In many ways, this novel is a departure from Tan’s earlier work: Most of the central characters are Caucasians, nearly all of them are Americans, and some of the notable ones—including the Chinese and Karen—are men. Furthermore, although there are parent-child pairings in the group, the only mother-daughter tension, Bibi’s fraught relationship with her stepmother, is in the past tense. Tan’s signature focus on cultural conflict is very much a part of the novel, however, albeit in a new form.
Narrated by Bibi Chen, a San Francisco antiques dealer and socialite who died in a bizarre accident, the novel chronicles the adventures of twelve Californians on an art tour on the Burma Road through China and Myanmar. The travelers run the gamut from a nonprofit administrator to a hypochondriac who travels with an arsenal of medications, from a British dog trainer to a Darwinian biologist. Having originally instigated and planned the journey, which she called “Following Buddha’s Footsteps,” Bibi joins the group as an opinionated ghost who comments on the events as they transpire and occasionally interferes with arrangements.
The China section of the journey is something of a comic travelogue that has serious undertones. The tourists behave much like well-intentioned but unthinking travelers—they desecrate a shrine because they mistake it for a urinal, they romanticize rural landscapes, they judge everything they encounter from a Western perspective. Once they cross into Myanmar, however, the reason for the novel’s title becomes clearer and the narrative takes on a darker tone.
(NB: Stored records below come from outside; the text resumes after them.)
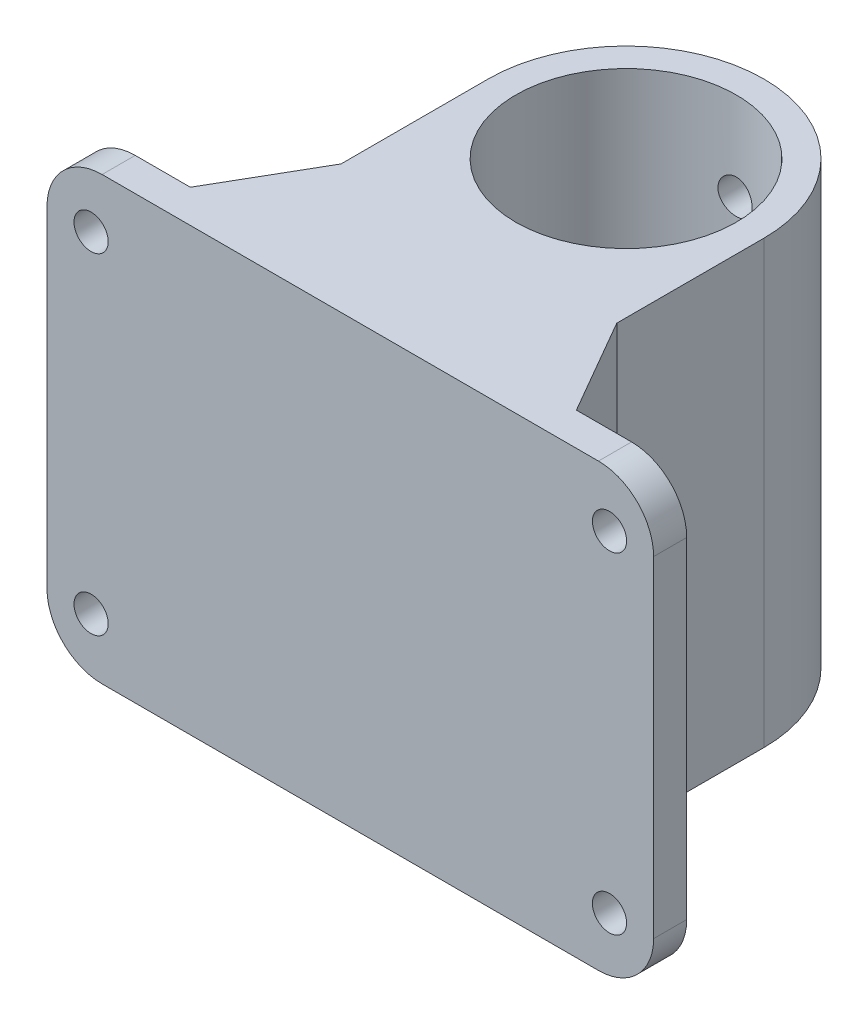
SolidWorks part; units mm, degrees
material "6061 合金"
ref_plane "前视基准面" through (0, 0, 0) normal (0, 0, 1) x (1, 0, 0)
ref_plane "上视基准面" through (0, 0, 0) normal (0, 1, 0) x (1, 0, 0)
ref_plane "右视基准面" through (0, 0, 0) normal (1, 0, 0) x (0, 0, -1)
sketch "草图1" plane through (0, 0, 0) normal (0, 1, 0) x (1, 0, 0)
  line L2 (-12.5, -25) -> (12.5, -25)
  line L3 (-12.5, -25) -> (-12.5, 0)
  line L5 (12.5, -25) -> (12.5, 0)
  arc A0 (12.5, 0) -> (-12.5, 0) centre (0, 0) ccw
  circle A1 centre (0, 0) radius 10
  point P3 (0, -12.5)
  dimension "D1" = 25
  dimension "D3" = 20
extrude "凸台-拉伸1" add sketch "草图1" along normal mid plane 40
sketch "草图7" plane through (0, 0, 0) normal (0, 0, 1) x (1, 0, 0)
  line L0 (0, 0) -> (9.3494, 0) construction
  line L1 (0, -12) -> (0, 12) construction
  line L2 (0, 0) -> (-12.5, 0) construction
  line L3 (-12.5, 20) -> (-12.5, -20) construction
  circle A0 centre (0, -12) radius 1.55
  circle A1 centre (0, 12) radius 1.55
  dimension "D1" = 12
  dimension "D2" = 3.1
extrude "切除-拉伸2" cut sketch "草图7" against normal through all
hole_wizard "M3 螺纹孔1" [suppressed] positions "3D草图1" profile "草图8" tap size "M3" standard "GB"
sketch3d "3D草图1"
  point P0 (-7, -8, 25)
  point P7 (7, -8, 25)
  point P9 (7, 8, 25)
  point P11 (-7, 8, 25)
sketch "草图8" plane through (-7, -8, 25) normal (1, 0, 0) x (0, -1, 0)
  line L0 (0, 0) -> (0, 10.2511)
  line L1 (0, 10.2511) -> (1.25, 9.5)
  line L2 (1.25, 9.5) -> (1.25, 0)
  line L5 (1.25, 0) -> (0, 0)
  line L10 (0, 10.2511) -> (-1.25, 9.5) construction
  line L11 (0, -6.35) -> (0, 107.95) construction
  dimension "螺纹孔钻头直径" = 2.5
  dimension "螺纹孔钻头深度" = 9.5
  dimension "导头角度" = 118
cosmetic thread "孔螺蚊线1" [suppressed] parameters "D1"=8, "D2"=3
cosmetic thread "孔螺蚊线2" [suppressed] parameters "D1"=8, "D2"=3
cosmetic thread "孔螺蚊线3" [suppressed] parameters "D1"=8, "D2"=3
cosmetic thread "孔螺蚊线4" [suppressed] parameters "D1"=8, "D2"=3
sketch "草图9" plane through (12.5, 0, 0) normal (1, 0, 0) x (0, 0, -1)
  line L0 (-25, 20) -> (0, 20) construction
  line L1 (-25, -20) -> (-22, -20)
  line L2 (-25, -20) -> (-25, 20)
  line L3 (-25, 20) -> (-22, 20)
  line L4 (-22, -20) -> (-22, 20)
  dimension "D1" = 3
extrude "凸台-拉伸2" add sketch "草图9" along normal blind 15
sketch "草图10" plane through (0, 0, 22) normal (0, 0, -1) x (-1, 0, 0)
  line L0 (-12.5, 0) -> (-27.5, 0) construction
  line L3 (-12.5, -20) -> (-12.5, 20) construction
  line L4 (-27.5, -20) -> (-27.5, 20) construction
  line L5 (-27.5, 20) -> (-12.5, 20) construction
  circle A0 centre (-23.5, 15) radius 1.55
  circle A1 centre (-23.5, -15) radius 1.55
  dimension "D1" = 4
  dimension "D2" = 3.1
  dimension "D3" = 5
extrude "切除-拉伸3" cut sketch "草图10" against normal through all
ref_plane "基准面1" through (0, 0, 0) normal (1, 0, 0) x (0, 0, -1)
mirror "镜向6" about plane through (0, 0, 0) normal (1, 0, 0) of "切除-拉伸3", "凸台-拉伸2"
chamfer "倒角1" distance 5 angle 60 2 edges at (12.5, 0, 22) (-12.5, 0, 22)
fillet "圆角1" radius 5 4 edges at (-27.5, 20, 23.5) (-27.5, -20, 23.5) (27.5, 20, 23.5) (27.5, -20, 23.5)

On a Christmas morning boat trip to see the sunrise, eleven of the travelers are kidnapped by Karen tribesmen who mistake one of the Californians for a Jesus figure, the Younger White Brother for whom they have been waiting for a century. The oblivious travelers are unaware that they are captives, believing that they are trapped in the Karen encampment because a bridge has fallen into a ravine; the tribe’s members, meanwhile, fail to realize that their god is merely an American teenager who is singularly adept at card tricks. Left behind because of a hangover when his friends took their sunrise trip, Harry, the celebrity dog trainer, embarks on a picaresque media and public-relations campaign to rescue them from their jungle prison. All eventually ends well, but not until Tan has raised a number of serious issues and questions.
Saving Fish from Drowning turns the spotlight on cultural collisions, not only those created by well-meaning Westerners who travel in the name of “saving” people in developing countries but also those conflicts caused by repressive governments that seek to destroy traditional lifestyles and practices. The travelers find themselves in the middle of both types of conflicts, and they are forced to confront their assumptions and to question the consequences of their actions. If they escape from the jungle camp, what will happen to their captors who have become their friends? Can they save both themselves and the tribe? Tan also questions the role of the news media, particularly in tense situations—does media coverage help to redress a problem, or does it exacerbate tensions to the point of no return? What if good intentions have bad results? Finally, although the novel skirts lightly around the real-world situation in Myanmar, the plight of the Karen tribespeople sets the stage for discussions of moral responsibility and truth telling.